Creating Television News OCR NGrams That Exclude Advertising Text

Kalev Leetaru

4 years ago

Using the "video time" edition of the Advertising Inventory Files (AIF) dataset, we can filter the Visual Global Entity Graph 2.0 to alternative exclude or focus on advertisements when we analyze the OCR'd onscreen text.
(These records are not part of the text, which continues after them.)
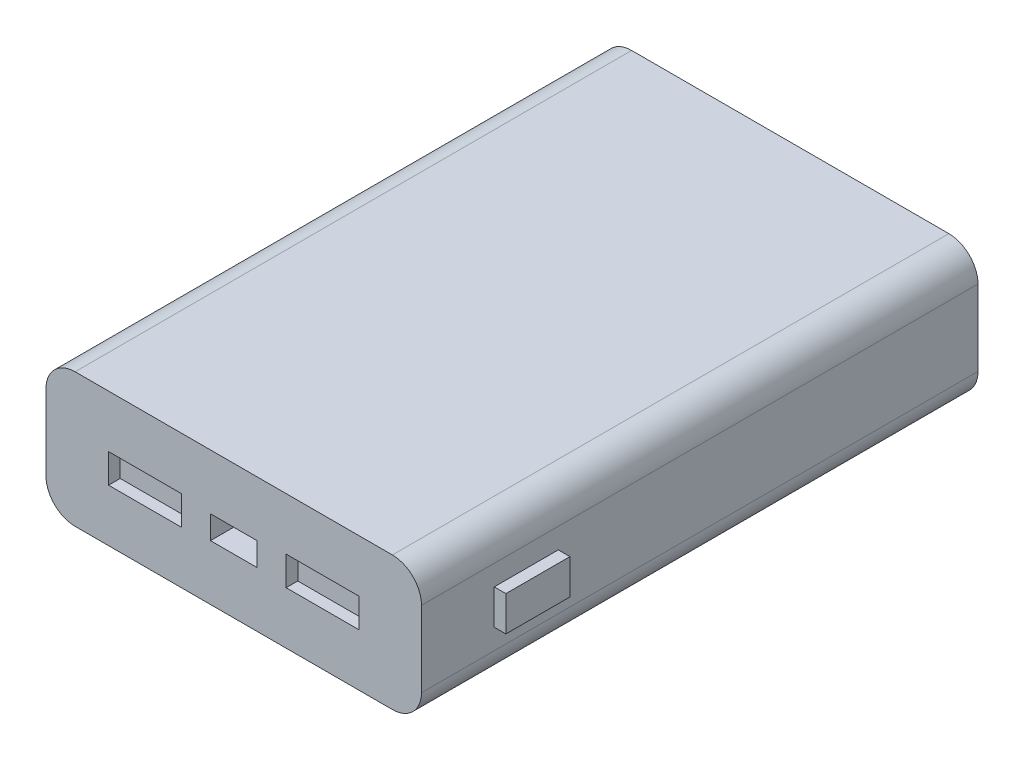
from build123d import *

# Parameters (mm, degrees)
SKETCH1_W           = 64.5
SKETCH1_H           = 23
BOSS_EXTRUDE1_DEPTH = 95.6
FILLET1_R           = 5
SKETCH2_W           = 8
SKETCH2_H           = 4
CUT_EXTRUDE1_DEPTH  = 5
SKETCH3_W           = 11
SKETCH3_H           = 6
BOSS_EXTRUDE2_DEPTH = 2
SKETCH4_W           = 12.5
SKETCH4_H           = 5
CUT_EXTRUDE2_DEPTH  = 2
SKETCH5_W           = 17
SKETCH5_H           = 13
CUT_EXTRUDE3_DEPTH  = 2


with BuildPart() as part:
    # Sketch1 → Boss-Extrude1 (new body)
    with BuildSketch(Plane.XY):
        Rectangle(SKETCH1_W, SKETCH1_H)
    extrude(amount=BOSS_EXTRUDE1_DEPTH)

    # Fillet1
    fillet1_edges = [part.edges().sort_by_distance(p)[0] for p in [
        (32.25, -11.5, 47.8),
        (-32.25, -11.5, 47.8),
        (-32.25, 11.5, 47.8),
        (32.25, 11.5, 47.8),
    ]]
    fillet(fillet1_edges, radius=FILLET1_R)

    # Sketch2 → Cut-Extrude1 (cut)
    with BuildSketch(Plane.XY.offset(95.6)):
        Rectangle(SKETCH2_W, SKETCH2_H)
    extrude(amount=-CUT_EXTRUDE1_DEPTH, mode=Mode.SUBTRACT)

    # Sketch4 → Cut-Extrude2 (cut)
    with BuildSketch(Plane.XY.offset(95.6)):
        with Locations((-15.25, 0)):
            Rectangle(SKETCH4_W, SKETCH4_H)
        with Locations((15.25, 0)):
            Rectangle(SKETCH4_W, SKETCH4_H)
    extrude(amount=-CUT_EXTRUDE2_DEPTH, mode=Mode.SUBTRACT)

    # Sketch5 → Cut-Extrude3 (cut)
    with BuildSketch(Plane.XZ.offset(11.5)):
        with Locations((16.25, 79.6)):
            Rectangle(SKETCH5_W, SKETCH5_H)
    extrude(amount=-CUT_EXTRUDE3_DEPTH, mode=Mode.SUBTRACT)


with BuildPart() as body_2:
    # Sketch3 → Boss-Extrude2 (new body)
    with BuildSketch(Plane(origin=(32.25, 0, 0), x_dir=(0, 0, -1), z_dir=(1, 0, 0))):
        with Locations((-77.6, 0)):
            Rectangle(SKETCH3_W, SKETCH3_H)
    extrude(amount=BOSS_EXTRUDE2_DEPTH)


solid = Compound([part.part, body_2.part])

For example, we can trivially compute a histogram of the top words appearing in the onscreen text of CNN on May 1, 2021:

SELECT ngram, count(1) cnt FROM `gdelt-bq.gdeltv2.vgegv2_iatv`, UNNEST(ML.NGRAMS(SPLIT(REGEXP_REPLACE(LOWER(OCRText), r'(\pP)', r' \1 '), ' '), [1,1], ' ')) as ngram WHERE length(ngram) > 2 and DATE(date) = "2021-05-01" and station='CNN' group by ngram order by cnt desc limit 1000

Yielding top ten entries:

ngram	cnt
cnn	65136
the	51885
live	49934
new	36198
tomorrow	26624
united	23969
coronavirus	23550
pandemic	22854
via	18582
for	18472

We can trivially exclude advertising airtime from this computation using:

SELECT ngram, count(1) cnt FROM `gdelt-bq.gdeltv2.vgegv2_iatv`, UNNEST(ML.NGRAMS(SPLIT(REGEXP_REPLACE(LOWER(OCRText), r'(\pP)', r' \1 '), ' '), [1,1], ' ')) as ngram WHERE length(ngram) > 2 and DATE(date) = "2021-05-01" and station='CNN' and 
date not in (SELECT date FROM `gdelt-bq.gdeltv2.iatv_aif_vidtime` WHERE DATE(date) = "2021-05-01" and station='CNN' and type!='NEWS') group by ngram order by cnt desc limit 1000

This doesn't change the results too much, though "story" now appears rather than "for."

ngram	cnt
cnn	62369
live	47975
the	41617
new	34102
tomorrow	25678
coronavirus	22908
united	22789
pandemic	22208
via	18487
story	17169

Alternatively, changing the "date not in" filter to "date in" allows us to examine just the OCR'd text of advertising:

SELECT ngram, count(1) cnt FROM `gdelt-bq.gdeltv2.vgegv2_iatv`, UNNEST(ML.NGRAMS(SPLIT(REGEXP_REPLACE(LOWER(OCRText), r'(\pP)', r' \1 '), ' '), [1,1], ' ')) as ngram WHERE length(ngram) > 2 and DATE(date) = "2021-05-01" and station='CNN' and 
date in (SELECT date FROM `gdelt-bq.gdeltv2.iatv_aif_vidtime` WHERE DATE(date) = "2021-05-01" and station='CNN' and type!='NEWS') group by ngram order by cnt desc limit 1000

This yields these top 20 entries, showing the dominance of "com" (as in ".com" URLs), "800" (as in 1-800 numbers), and "free" (as in free shipping, free trial, etc).

ngram	cnt
the	10268
and	8305
com	7512
for	5925
with	3308
not	2930
cnn	2760
your	2704
800	2502
are	2200
may	2164
new	2096
live	1954
you	1927
all	1904
free	1735
well	1596
can	1431
apply	1390
health	1347

We hope this inspires you in new ways you can explore these datasets!